PROBLEM TO WORK ON: Only one stretch of the listing below is wanted. Begin at the line that has "Document SubType Name: Modeling", stop after the line that has "plane through (0, 0, 0)", and repeat every line in between exactly.
═════ PROVIDED RECORDS
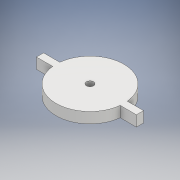
# Autodesk Inventor part: RescueKitThrow_bottom
Saved by Autodesk Inventor 2018.3 (Build 223284000, 284)
## iProperties
Created: 2019-02-10
Part Number: RescueKitThrow_bottom
Material: ABS プラスチック
Document SubType Name: Modeling
Designer: shun2
Density: 1.06 g/cm^3
Appearance: 滑らか - 白
Author: shun2
Autodesk Inventor part; units mm, degrees
ref_plane "YZ Plane" through (0, 0, 0) normal (1, 0, 0) x (0, 1, 0)
ref_plane "XZ Plane" through (0, 0, 0) normal (0, 1, 0) x (-1, 0, 0)
ref_plane "XY Plane" through (0, 0, 0) normal (0, 0, 1) x (1, 0, 0)
sketch "スケッチ1" plane through (0, 0, 0) normal (0, 0, 1) x (1, 0, 0)
  line L0 (-14, 1) -> (-9.4472, 1)
  line L1 (-9.4472, -1) -> (-14, -1)
  line L2 (-14, -1) -> (-14, 1)
  line L3 (14, 1) -> (9.4472, 1)
  line L4 (9.4472, -1) -> (14, -1)
  arc A0 (9.4472, 1) -> (-9.4472, 1) centre (0, 0) ccw
  arc A1 (-9.4472, -1) -> (9.4472, -1) centre (0, 0) ccw
  line L5 (14, -1) -> (14, 1)
  circle A2 centre (0, 0) radius 1
  dimension "d3" = 2
  constraints: 12 end point, 4 point on circle, 3 centre point, 2 coincident, 2 horizontal, 2 parallel, 1 vertical
  measures "d3" diameter of A2
extrude "押し出し1" add sketch "スケッチ1" along normal blind 3
══════════
THE COMPLETED TASK:
Document SubType Name: Modeling
Designer: shun2
Density: 1.06 g/cm^3
Appearance: 滑らか - 白
Author: shun2
Autodesk Inventor part; units mm, degrees
ref_plane "YZ Plane" through (0, 0, 0) normal (1, 0, 0) x (0, 1, 0)
ref_plane "XZ Plane" through (0, 0, 0) normal (0, 1, 0) x (-1, 0, 0)
ref_plane "XY Plane" through (0, 0, 0) normal (0, 0, 1) x (1, 0, 0)
sketch "スケッチ1" plane through (0, 0, 0) normal (0, 0, 1) x (1, 0, 0)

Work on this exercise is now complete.